→ WHAT THE TASK ASKS
Once the line containing "#341=DIRECTION('',(1.,0.,0.));" is found in the entries below, restate it and each following line word for word, stopping after the line containing "#348=ADVANCED_FACE('F216',(#347),#344,.T.);".

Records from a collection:
□ □ □ □ □

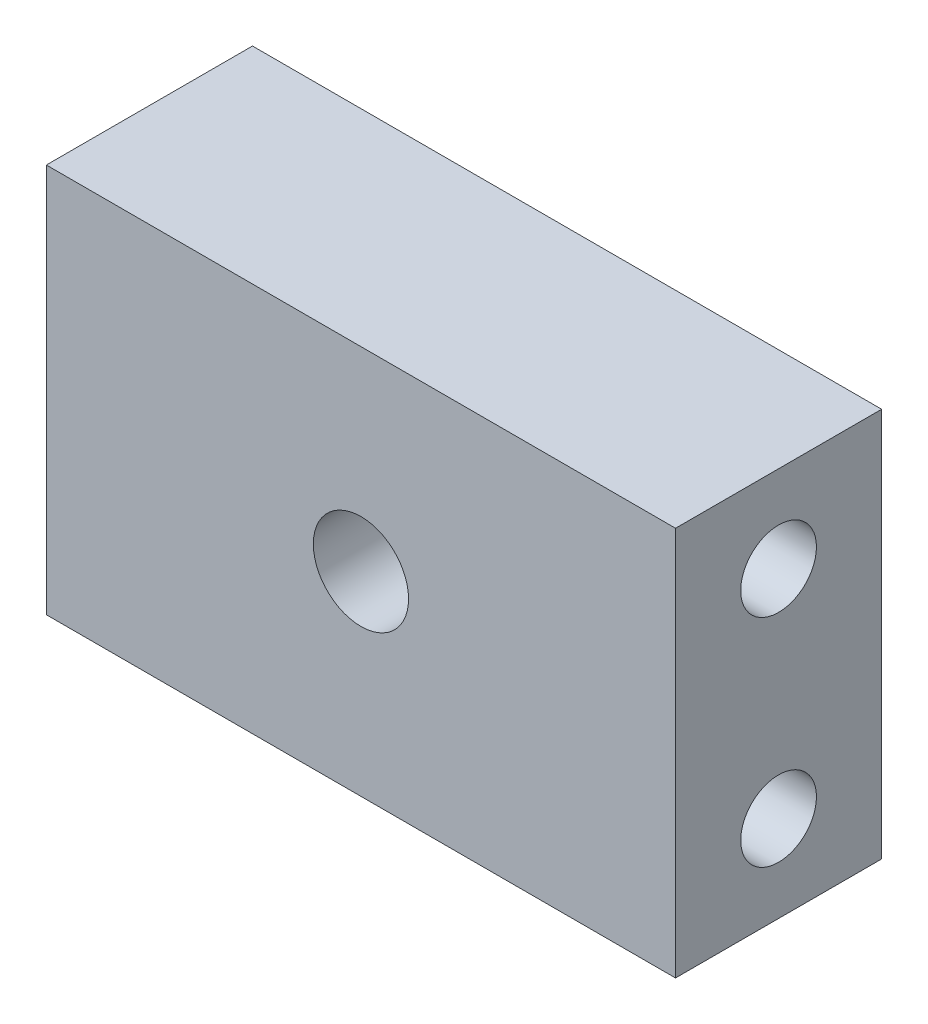
ISO-10303-21;
HEADER;
FILE_DESCRIPTION(('STEP AP214'),'2;1');
FILE_NAME('part.step','',(''),(''),'','','');
FILE_SCHEMA(('AUTOMOTIVE_DESIGN { 1 0 10303 214 1 1 1 1 }'));
ENDSEC;
DATA;
#1=APPLICATION_CONTEXT('core data for automotive mechanical design processes');
#2=APPLICATION_PROTOCOL_DEFINITION('international standard','automotive_design',2000,#1);
#3=PRODUCT_CONTEXT('',#1,'mechanical');
#4=PRODUCT('Part','Part','',(#3));
#5=PRODUCT_RELATED_PRODUCT_CATEGORY('part','',(#4));
#6=PRODUCT_DEFINITION_FORMATION('','',#4);
#7=PRODUCT_DEFINITION_CONTEXT('part definition',#1,'design');
#8=PRODUCT_DEFINITION('design','',#6,#7);
#9=PRODUCT_DEFINITION_SHAPE('','',#8);
#10=(LENGTH_UNIT() NAMED_UNIT(*) SI_UNIT(.MILLI.,.METRE.));
#11=(NAMED_UNIT(*) PLANE_ANGLE_UNIT() SI_UNIT($,.RADIAN.));
#12=(NAMED_UNIT(*) SI_UNIT($,.STERADIAN.) SOLID_ANGLE_UNIT());
#13=UNCERTAINTY_MEASURE_WITH_UNIT(LENGTH_MEASURE(1.E-05),#10,'distance_accuracy_value','');
#14=(GEOMETRIC_REPRESENTATION_CONTEXT(3) GLOBAL_UNCERTAINTY_ASSIGNED_CONTEXT((#13)) GLOBAL_UNIT_ASSIGNED_CONTEXT((#10,
#11,#12)) REPRESENTATION_CONTEXT('',''));
#15=CARTESIAN_POINT('',(0.,0.,0.));
#16=DIRECTION('',(0.,0.,1.));
#17=DIRECTION('',(1.,0.,0.));
#18=AXIS2_PLACEMENT_3D('',#15,#16,#17);
#19=CARTESIAN_POINT('',(14.5375,9.,9.525));
#20=DIRECTION('',(-1.,0.,0.));
#21=DIRECTION('',(0.,0.,1.));
#22=AXIS2_PLACEMENT_3D('',#19,#20,#21);
#23=PLANE('',#22);
#24=CARTESIAN_POINT('',(14.5375,-5.,4.76249999999999));
#25=DIRECTION('',(1.,0.,0.));
#26=DIRECTION('',(0.,0.,-1.));
#27=AXIS2_PLACEMENT_3D('',#24,#25,#26);
#28=CIRCLE('',#27,1.75);
#29=CARTESIAN_POINT('',(14.5375,-5.,3.0125));
#30=VERTEX_POINT('',#29);
#31=EDGE_CURVE('E129',#30,#30,#28,.T.);
#32=ORIENTED_EDGE('',*,*,#31,.F.);
#33=EDGE_LOOP('',(#32));
#34=FACE_BOUND('',#33,.T.);
#35=CARTESIAN_POINT('',(14.5375,5.,4.7625));
#36=DIRECTION('',(1.,0.,0.));
#37=DIRECTION('',(0.,0.,-1.));
#38=AXIS2_PLACEMENT_3D('',#35,#36,#37);
#39=CIRCLE('',#38,1.75);
#40=CARTESIAN_POINT('',(14.5375,5.,3.0125));
#41=VERTEX_POINT('',#40);
#42=EDGE_CURVE('E122',#41,#41,#39,.T.);
#43=ORIENTED_EDGE('',*,*,#42,.F.);
#44=EDGE_LOOP('',(#43));
#45=FACE_BOUND('',#44,.T.);
#46=DIRECTION('',(0.,1.,0.));
#47=VECTOR('',#46,1.);
#48=CARTESIAN_POINT('',(14.5375,9.,0.));
#49=LINE('',#48,#47);
#50=CARTESIAN_POINT('',(14.5375,-9.,0.));
#51=VERTEX_POINT('',#50);
#52=CARTESIAN_POINT('',(14.5375,9.,0.));
#53=VERTEX_POINT('',#52);
#54=EDGE_CURVE('E96',#51,#53,#49,.T.);
#55=ORIENTED_EDGE('',*,*,#54,.T.);
#56=DIRECTION('',(0.,0.,-1.));
#57=VECTOR('',#56,1.);
#58=CARTESIAN_POINT('',(14.5375,9.,9.525));
#59=LINE('',#58,#57);
#60=CARTESIAN_POINT('',(14.5375,9.,9.525));
#61=VERTEX_POINT('',#60);
#62=EDGE_CURVE('E11',#61,#53,#59,.T.);
#63=ORIENTED_EDGE('',*,*,#62,.F.);
#64=DIRECTION('',(0.,1.,0.));
#65=VECTOR('',#64,1.);
#66=CARTESIAN_POINT('',(14.5375,9.,9.525));
#67=LINE('',#66,#65);
#68=CARTESIAN_POINT('',(14.5375,-9.,9.525));
#69=VERTEX_POINT('',#68);
#70=EDGE_CURVE('E84',#69,#61,#67,.T.);
#71=ORIENTED_EDGE('',*,*,#70,.F.);
#72=DIRECTION('',(0.,0.,-1.));
#73=VECTOR('',#72,1.);
#74=CARTESIAN_POINT('',(14.5375,-9.,9.525));
#75=LINE('',#74,#73);
#76=EDGE_CURVE('E92',#69,#51,#75,.T.);
#77=ORIENTED_EDGE('',*,*,#76,.T.);
#78=EDGE_LOOP('',(#55,#63,#71,#77));
#79=FACE_BOUND('',#78,.T.);
#80=ADVANCED_FACE('F33',(#34,#45,#79),#23,.F.);
#81=CARTESIAN_POINT('',(-14.5375,9.,9.525));
#82=DIRECTION('',(0.,-1.,0.));
#83=DIRECTION('',(0.,0.,-1.));
#84=AXIS2_PLACEMENT_3D('',#81,#82,#83);
#85=PLANE('',#84);
#86=DIRECTION('',(-1.,0.,0.));
#87=VECTOR('',#86,1.);
#88=CARTESIAN_POINT('',(-14.5375,9.,0.));
#89=LINE('',#88,#87);
#90=CARTESIAN_POINT('',(-14.5375,9.,0.));
#91=VERTEX_POINT('',#90);
#92=EDGE_CURVE('E88',#53,#91,#89,.T.);
#93=ORIENTED_EDGE('',*,*,#92,.T.);
#94=DIRECTION('',(0.,0.,-1.));
#95=VECTOR('',#94,1.);
#96=CARTESIAN_POINT('',(-14.5375,9.,9.525));
#97=LINE('',#96,#95);
#98=CARTESIAN_POINT('',(-14.5375,9.,9.525));
#99=VERTEX_POINT('',#98);
#100=EDGE_CURVE('E41',#99,#91,#97,.T.);
#101=ORIENTED_EDGE('',*,*,#100,.F.);
#102=DIRECTION('',(-1.,0.,0.));
#103=VECTOR('',#102,1.);
#104=CARTESIAN_POINT('',(-14.5375,9.,9.525));
#105=LINE('',#104,#103);
#106=EDGE_CURVE('E79',#61,#99,#105,.T.);
#107=ORIENTED_EDGE('',*,*,#106,.F.);
#108=ORIENTED_EDGE('',*,*,#62,.T.);
#109=EDGE_LOOP('',(#93,#101,#107,#108));
#110=FACE_BOUND('',#109,.T.);
#111=ADVANCED_FACE('F87',(#110),#85,.F.);
#112=CARTESIAN_POINT('',(-14.5375,9.,9.525));
#113=DIRECTION('',(1.,0.,0.));
#114=DIRECTION('',(0.,0.,-1.));
#115=AXIS2_PLACEMENT_3D('',#112,#113,#114);
#116=PLANE('',#115);
#117=CARTESIAN_POINT('',(-14.5375,5.,4.7625));
#118=DIRECTION('',(-1.,0.,0.));
#119=DIRECTION('',(0.,0.,1.));
#120=AXIS2_PLACEMENT_3D('',#117,#118,#119);
#121=CIRCLE('',#120,1.75);
#122=CARTESIAN_POINT('',(-14.5375,5.,6.5125));
#123=VERTEX_POINT('',#122);
#124=EDGE_CURVE('E117',#123,#123,#121,.T.);
#125=ORIENTED_EDGE('',*,*,#124,.F.);
#126=EDGE_LOOP('',(#125));
#127=FACE_BOUND('',#126,.T.);
#128=CARTESIAN_POINT('',(-14.5375,-5.,4.76249999999999));
#129=DIRECTION('',(-1.,0.,0.));
#130=DIRECTION('',(0.,0.,-1.));
#131=AXIS2_PLACEMENT_3D('',#128,#129,#130);
#132=CIRCLE('',#131,1.75);
#133=CARTESIAN_POINT('',(-14.5375,-5.,3.0125));
#134=VERTEX_POINT('',#133);
#135=EDGE_CURVE('E110',#134,#134,#132,.T.);
#136=ORIENTED_EDGE('',*,*,#135,.F.);
#137=EDGE_LOOP('',(#136));
#138=FACE_BOUND('',#137,.T.);
#139=DIRECTION('',(0.,-1.,0.));
#140=VECTOR('',#139,1.);
#141=CARTESIAN_POINT('',(-14.5375,9.,0.));
#142=LINE('',#141,#140);
#143=CARTESIAN_POINT('',(-14.5375,-9.,0.));
#144=VERTEX_POINT('',#143);
#145=EDGE_CURVE('E66',#91,#144,#142,.T.);
#146=ORIENTED_EDGE('',*,*,#145,.T.);
#147=DIRECTION('',(0.,0.,-1.));
#148=VECTOR('',#147,1.);
#149=CARTESIAN_POINT('',(-14.5375,-9.,9.525));
#150=LINE('',#149,#148);
#151=CARTESIAN_POINT('',(-14.5375,-9.,9.525));
#152=VERTEX_POINT('',#151);
#153=EDGE_CURVE('E89',#152,#144,#150,.T.);
#154=ORIENTED_EDGE('',*,*,#153,.F.);
#155=DIRECTION('',(0.,-1.,0.));
#156=VECTOR('',#155,1.);
#157=CARTESIAN_POINT('',(-14.5375,9.,9.525));
#158=LINE('',#157,#156);
#159=EDGE_CURVE('E82',#99,#152,#158,.T.);
#160=ORIENTED_EDGE('',*,*,#159,.F.);
#161=ORIENTED_EDGE('',*,*,#100,.T.);
#162=EDGE_LOOP('',(#146,#154,#160,#161));
#163=FACE_BOUND('',#162,.T.);
#164=ADVANCED_FACE('F90',(#127,#138,#163),#116,.F.);
#165=CARTESIAN_POINT('',(-14.5375,-9.,9.525));
#166=DIRECTION('',(0.,1.,0.));
#167=DIRECTION('',(0.,0.,1.));
#168=AXIS2_PLACEMENT_3D('',#165,#166,#167);
#169=PLANE('',#168);
#170=DIRECTION('',(1.,0.,0.));
#171=VECTOR('',#170,1.);
#172=CARTESIAN_POINT('',(-14.5375,-9.,0.));
#173=LINE('',#172,#171);
#174=EDGE_CURVE('E72',#144,#51,#173,.T.);
#175=ORIENTED_EDGE('',*,*,#174,.T.);
#176=ORIENTED_EDGE('',*,*,#76,.F.);
#177=DIRECTION('',(1.,0.,0.));
#178=VECTOR('',#177,1.);
#179=CARTESIAN_POINT('',(-14.5375,-9.,9.525));
#180=LINE('',#179,#178);
#181=EDGE_CURVE('E49',#152,#69,#180,.T.);
#182=ORIENTED_EDGE('',*,*,#181,.F.);
#183=ORIENTED_EDGE('',*,*,#153,.T.);
#184=EDGE_LOOP('',(#175,#176,#182,#183));
#185=FACE_BOUND('',#184,.T.);
#186=ADVANCED_FACE('F104',(#185),#169,.F.);
#187=CARTESIAN_POINT('',(0.,0.,9.525));
#188=DIRECTION('',(0.,0.,1.));
#189=DIRECTION('',(1.,0.,0.));
#190=AXIS2_PLACEMENT_3D('',#187,#188,#189);
#191=PLANE('',#190);
#192=CARTESIAN_POINT('',(0.,0.,9.525));
#193=DIRECTION('',(0.,0.,1.));
#194=DIRECTION('',(1.,0.,0.));
#195=AXIS2_PLACEMENT_3D('',#192,#193,#194);
#196=CIRCLE('',#195,2.2);
#197=CARTESIAN_POINT('',(2.2,0.,9.525));
#198=VERTEX_POINT('',#197);
#199=EDGE_CURVE('E126',#198,#198,#196,.F.);
#200=ORIENTED_EDGE('',*,*,#199,.T.);
#201=EDGE_LOOP('',(#200));
#202=FACE_BOUND('',#201,.T.);
#203=ORIENTED_EDGE('',*,*,#70,.T.);
#204=ORIENTED_EDGE('',*,*,#106,.T.);
#205=ORIENTED_EDGE('',*,*,#159,.T.);
#206=ORIENTED_EDGE('',*,*,#181,.T.);
#207=EDGE_LOOP('',(#203,#204,#205,#206));
#208=FACE_BOUND('',#207,.T.);
#209=ADVANCED_FACE('F80',(#202,#208),#191,.T.);
#210=CARTESIAN_POINT('',(0.,0.,0.));
#211=DIRECTION('',(0.,0.,1.));
#212=DIRECTION('',(1.,0.,0.));
#213=AXIS2_PLACEMENT_3D('',#210,#211,#212);
#214=PLANE('',#213);
#215=CARTESIAN_POINT('',(0.,0.,0.));
#216=DIRECTION('',(0.,0.,-1.));
#217=DIRECTION('',(-1.,0.,0.));
#218=AXIS2_PLACEMENT_3D('',#215,#216,#217);
#219=CIRCLE('',#218,2.2);
#220=CARTESIAN_POINT('',(-2.2,0.,0.));
#221=VERTEX_POINT('',#220);
#222=EDGE_CURVE('E136',#221,#221,#219,.T.);
#223=ORIENTED_EDGE('',*,*,#222,.F.);
#224=EDGE_LOOP('',(#223));
#225=FACE_BOUND('',#224,.T.);
#226=ORIENTED_EDGE('',*,*,#54,.F.);
#227=ORIENTED_EDGE('',*,*,#174,.F.);
#228=ORIENTED_EDGE('',*,*,#145,.F.);
#229=ORIENTED_EDGE('',*,*,#92,.F.);
#230=EDGE_LOOP('',(#226,#227,#228,#229));
#231=FACE_BOUND('',#230,.T.);
#232=ADVANCED_FACE('F107',(#225,#231),#214,.F.);
#233=CARTESIAN_POINT('',(-6.5375,-5.,4.76249999999999));
#234=DIRECTION('',(-1.,0.,0.));
#235=DIRECTION('',(0.,0.,1.));
#236=AXIS2_PLACEMENT_3D('',#233,#234,#235);
#237=CYLINDRICAL_SURFACE('',#236,1.75);
#238=CARTESIAN_POINT('',(-6.5375,-5.,4.76249999999999));
#239=DIRECTION('',(-1.,0.,0.));
#240=DIRECTION('',(0.,0.,-1.));
#241=AXIS2_PLACEMENT_3D('',#238,#239,#240);
#242=CIRCLE('',#241,1.75);
#243=CARTESIAN_POINT('',(-6.5375,-5.,3.0125));
#244=VERTEX_POINT('',#243);
#245=EDGE_CURVE('E113',#244,#244,#242,.T.);
#246=ORIENTED_EDGE('',*,*,#245,.F.);
#247=EDGE_LOOP('',(#246));
#248=FACE_BOUND('',#247,.T.);
#249=ORIENTED_EDGE('',*,*,#135,.T.);
#250=EDGE_LOOP('',(#249));
#251=FACE_BOUND('',#250,.T.);
#252=ADVANCED_FACE('F144',(#248,#251),#237,.F.);
#253=CARTESIAN_POINT('',(-6.5375,-5.,4.76249999999999));
#254=DIRECTION('',(1.,0.,0.));
#255=DIRECTION('',(0.,0.,-1.));
#256=AXIS2_PLACEMENT_3D('',#253,#254,#255);
#257=PLANE('',#256);
#258=ORIENTED_EDGE('',*,*,#245,.T.);
#259=EDGE_LOOP('',(#258));
#260=FACE_BOUND('',#259,.T.);
#261=ADVANCED_FACE('F150',(#260),#257,.F.);
#262=CARTESIAN_POINT('',(-6.5375,5.,4.7625));
#263=DIRECTION('',(-1.,0.,0.));
#264=DIRECTION('',(0.,0.,1.));
#265=AXIS2_PLACEMENT_3D('',#262,#263,#264);
#266=CYLINDRICAL_SURFACE('',#265,1.75);
#267=CARTESIAN_POINT('',(-6.5375,5.,4.7625));
#268=DIRECTION('',(-1.,0.,0.));
#269=DIRECTION('',(0.,0.,1.));
#270=AXIS2_PLACEMENT_3D('',#267,#268,#269);
#271=CIRCLE('',#270,1.75);
#272=CARTESIAN_POINT('',(-6.5375,5.,6.5125));
#273=VERTEX_POINT('',#272);
#274=EDGE_CURVE('E99',#273,#273,#271,.T.);
#275=ORIENTED_EDGE('',*,*,#274,.F.);
#276=EDGE_LOOP('',(#275));
#277=FACE_BOUND('',#276,.T.);
#278=ORIENTED_EDGE('',*,*,#124,.T.);
#279=EDGE_LOOP('',(#278));
#280=FACE_BOUND('',#279,.T.);
#281=ADVANCED_FACE('F178',(#277,#280),#266,.F.);
#282=CARTESIAN_POINT('',(-6.5375,5.,4.7625));
#283=DIRECTION('',(-1.,0.,0.));
#284=DIRECTION('',(0.,0.,1.));
#285=AXIS2_PLACEMENT_3D('',#282,#283,#284);
#286=PLANE('',#285);
#287=ORIENTED_EDGE('',*,*,#274,.T.);
#288=EDGE_LOOP('',(#287));
#289=FACE_BOUND('',#288,.T.);
#290=ADVANCED_FACE('F168',(#289),#286,.T.);
#291=CARTESIAN_POINT('',(6.5375,5.,4.7625));
#292=DIRECTION('',(1.,0.,0.));
#293=DIRECTION('',(0.,0.,-1.));
#294=AXIS2_PLACEMENT_3D('',#291,#292,#293);
#295=CYLINDRICAL_SURFACE('',#294,1.75);
#296=CARTESIAN_POINT('',(6.5375,5.,4.7625));
#297=DIRECTION('',(1.,0.,0.));
#298=DIRECTION('',(0.,0.,-1.));
#299=AXIS2_PLACEMENT_3D('',#296,#297,#298);
#300=CIRCLE('',#299,1.75);
#301=CARTESIAN_POINT('',(6.5375,5.,3.0125));
#302=VERTEX_POINT('',#301);
#303=EDGE_CURVE('E125',#302,#302,#300,.T.);
#304=ORIENTED_EDGE('',*,*,#303,.F.);
#305=EDGE_LOOP('',(#304));
#306=FACE_BOUND('',#305,.T.);
#307=ORIENTED_EDGE('',*,*,#42,.T.);
#308=EDGE_LOOP('',(#307));
#309=FACE_BOUND('',#308,.T.);
#310=ADVANCED_FACE('F165',(#306,#309),#295,.F.);
#311=CARTESIAN_POINT('',(6.5375,5.,4.7625));
#312=DIRECTION('',(1.,0.,0.));
#313=DIRECTION('',(0.,0.,-1.));
#314=AXIS2_PLACEMENT_3D('',#311,#312,#313);
#315=PLANE('',#314);
#316=ORIENTED_EDGE('',*,*,#303,.T.);
#317=EDGE_LOOP('',(#316));
#318=FACE_BOUND('',#317,.T.);
#319=ADVANCED_FACE('F167',(#318),#315,.T.);
#320=CARTESIAN_POINT('',(6.5375,-5.,4.76249999999999));
#321=DIRECTION('',(1.,0.,0.));
#322=DIRECTION('',(0.,0.,-1.));
#323=AXIS2_PLACEMENT_3D('',#320,#321,#322);
#324=CYLINDRICAL_SURFACE('',#323,1.75);
#325=CARTESIAN_POINT('',(6.5375,-5.,4.76249999999999));
#326=DIRECTION('',(1.,0.,0.));
#327=DIRECTION('',(0.,0.,-1.));
#328=AXIS2_PLACEMENT_3D('',#325,#326,#327);
#329=CIRCLE('',#328,1.75);
#330=CARTESIAN_POINT('',(6.5375,-5.,3.0125));
#331=VERTEX_POINT('',#330);
#332=EDGE_CURVE('E114',#331,#331,#329,.T.);
#333=ORIENTED_EDGE('',*,*,#332,.F.);
#334=EDGE_LOOP('',(#333));
#335=FACE_BOUND('',#334,.T.);
#336=ORIENTED_EDGE('',*,*,#31,.T.);
#337=EDGE_LOOP('',(#336));
#338=FACE_BOUND('',#337,.T.);
#339=ADVANCED_FACE('F175',(#335,#338),#324,.F.);
#340=CARTESIAN_POINT('',(6.5375,-5.,4.76249999999999));
#341=DIRECTION('',(1.,0.,0.));
#342=DIRECTION('',(0.,0.,-1.));
#343=AXIS2_PLACEMENT_3D('',#340,#341,#342);
#344=PLANE('',#343);
#345=ORIENTED_EDGE('',*,*,#332,.T.);
#346=EDGE_LOOP('',(#345));
#347=FACE_BOUND('',#346,.T.);
#348=ADVANCED_FACE('F216',(#347),#344,.T.);
#349=CARTESIAN_POINT('',(0.,0.,15.7475396744416));
#350=DIRECTION('',(0.,0.,-1.));
#351=DIRECTION('',(-1.,0.,0.));
#352=AXIS2_PLACEMENT_3D('',#349,#350,#351);
#353=CYLINDRICAL_SURFACE('',#352,2.2);
#354=ORIENTED_EDGE('',*,*,#222,.T.);
#355=EDGE_LOOP('',(#354));
#356=FACE_BOUND('',#355,.T.);
#357=ORIENTED_EDGE('',*,*,#199,.F.);
#358=EDGE_LOOP('',(#357));
#359=FACE_BOUND('',#358,.T.);
#360=ADVANCED_FACE('F140',(#356,#359),#353,.F.);
#361=CLOSED_SHELL('',(#80,#111,#164,#186,#209,#232,#252,#261,#281,#290,#310,#319,#339,#348,#360));
#362=MANIFOLD_SOLID_BREP('B2',#361);
#363=ADVANCED_BREP_SHAPE_REPRESENTATION('',(#18,#362),#14);
#364=SHAPE_DEFINITION_REPRESENTATION(#9,#363);
ENDSEC;
END-ISO-10303-21;

□ □ □ □ □

→ ANSWER SECTION
#341=DIRECTION('',(1.,0.,0.));
#342=DIRECTION('',(0.,0.,-1.));
#343=AXIS2_PLACEMENT_3D('',#340,#341,#342);
#344=PLANE('',#343);
#345=ORIENTED_EDGE('',*,*,#332,.T.);
#346=EDGE_LOOP('',(#345));
#347=FACE_BOUND('',#346,.T.);
#348=ADVANCED_FACE('F216',(#347),#344,.T.);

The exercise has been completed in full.